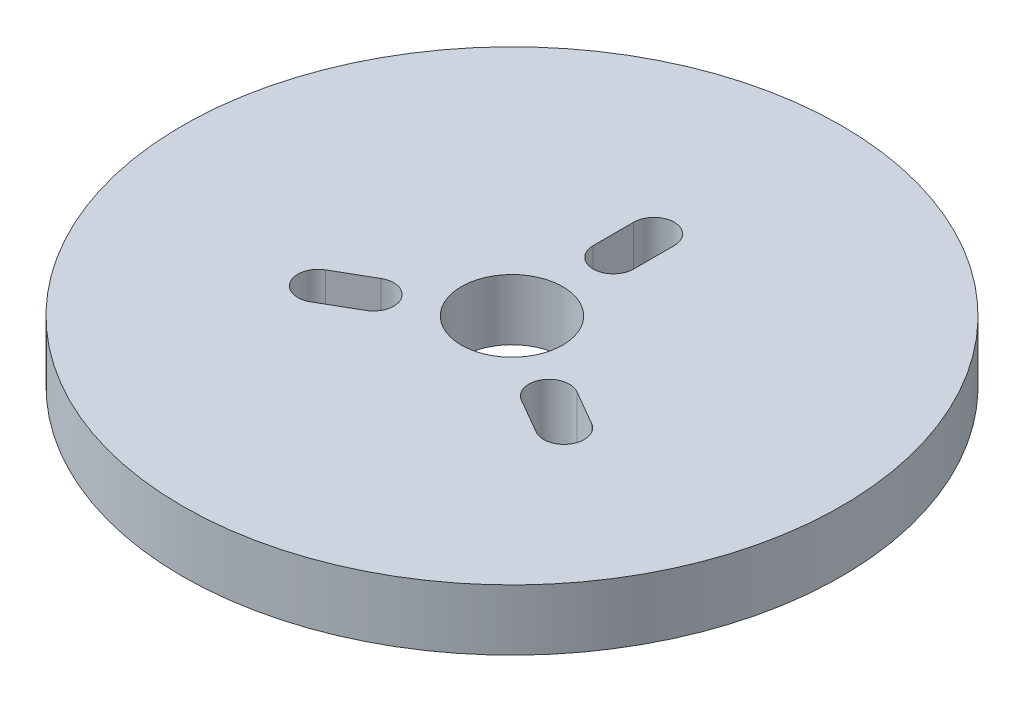
SolidWorks part; units mm, degrees
ref_plane "前视基准面" through (0, 0, 0) normal (0, 0, 1) x (1, 0, 0)
ref_plane "上视基准面" through (0, 0, 0) normal (0, 1, 0) x (1, 0, 0)
ref_plane "右视基准面" through (0, 0, 0) normal (1, 0, 0) x (0, 0, -1)
sketch "Sketch1" plane through (0, 0, 0) normal (0, 1, 0) x (1, 0, 0)
  line L0 (0, 10) -> (0, 14) construction
  line L1 (-2, 10) -> (-2, 14)
  line L2 (2, 10) -> (2, 14)
  line L3 (8.6603, -5) -> (12.1244, -7) construction
  line L4 (9.6603, -3.2679) -> (13.1244, -5.2679)
  line L5 (7.6603, -6.7321) -> (11.1244, -8.7321)
  line L6 (-8.6603, -5) -> (-12.1244, -7) construction
  line L7 (-7.6603, -6.7321) -> (-11.1244, -8.7321)
  line L8 (-9.6603, -3.2679) -> (-13.1244, -5.2679)
  circle A0 centre (0, 0) radius 32.5
  circle A1 centre (0, 0) radius 5
  arc A2 (-2, 10) -> (2, 10) centre (0, 10) ccw
  arc A3 (2, 14) -> (-2, 14) centre (0, 14) ccw
  arc A4 (9.6603, -3.2679) -> (7.6603, -6.7321) centre (8.6603, -5) ccw
  arc A5 (11.1244, -8.7321) -> (13.1244, -5.2679) centre (12.1244, -7) ccw
  arc A6 (-7.6603, -6.7321) -> (-9.6603, -3.2679) centre (-8.6603, -5) ccw
  arc A7 (-13.1244, -5.2679) -> (-11.1244, -8.7321) centre (-12.1244, -7) ccw
  point P6 (0, 12)
  point P11 (0, 8)
  point P16 (10.3923, -6)
  point P23 (-10.3923, -6)
  point P28 (0, 0)
  dimension "D1" = 65
  dimension "D2" = 10
  dimension "D4" = 2
  dimension "D5" = 8
  dimension "D3" = 4
  dimension "D6" = 3
extrude "Boss-Extrude1" add sketch "Sketch1" along normal blind 6

------------------------------------------------

ASSIGNMENT: Only the lines from the one bearing "arc A5 (11.1244, -8.7321)" through the end of the entries above belong in the answer, each one exactly as given.

TASK OUTPUT:
  arc A5 (11.1244, -8.7321) -> (13.1244, -5.2679) centre (12.1244, -7) ccw
  arc A6 (-7.6603, -6.7321) -> (-9.6603, -3.2679) centre (-8.6603, -5) ccw
  arc A7 (-13.1244, -5.2679) -> (-11.1244, -8.7321) centre (-12.1244, -7) ccw
  point P6 (0, 12)
  point P11 (0, 8)
  point P16 (10.3923, -6)
  point P23 (-10.3923, -6)
  point P28 (0, 0)
  dimension "D1" = 65
  dimension "D2" = 10
  dimension "D4" = 2
  dimension "D5" = 8
  dimension "D3" = 4
  dimension "D6" = 3
extrude "Boss-Extrude1" add sketch "Sketch1" along normal blind 6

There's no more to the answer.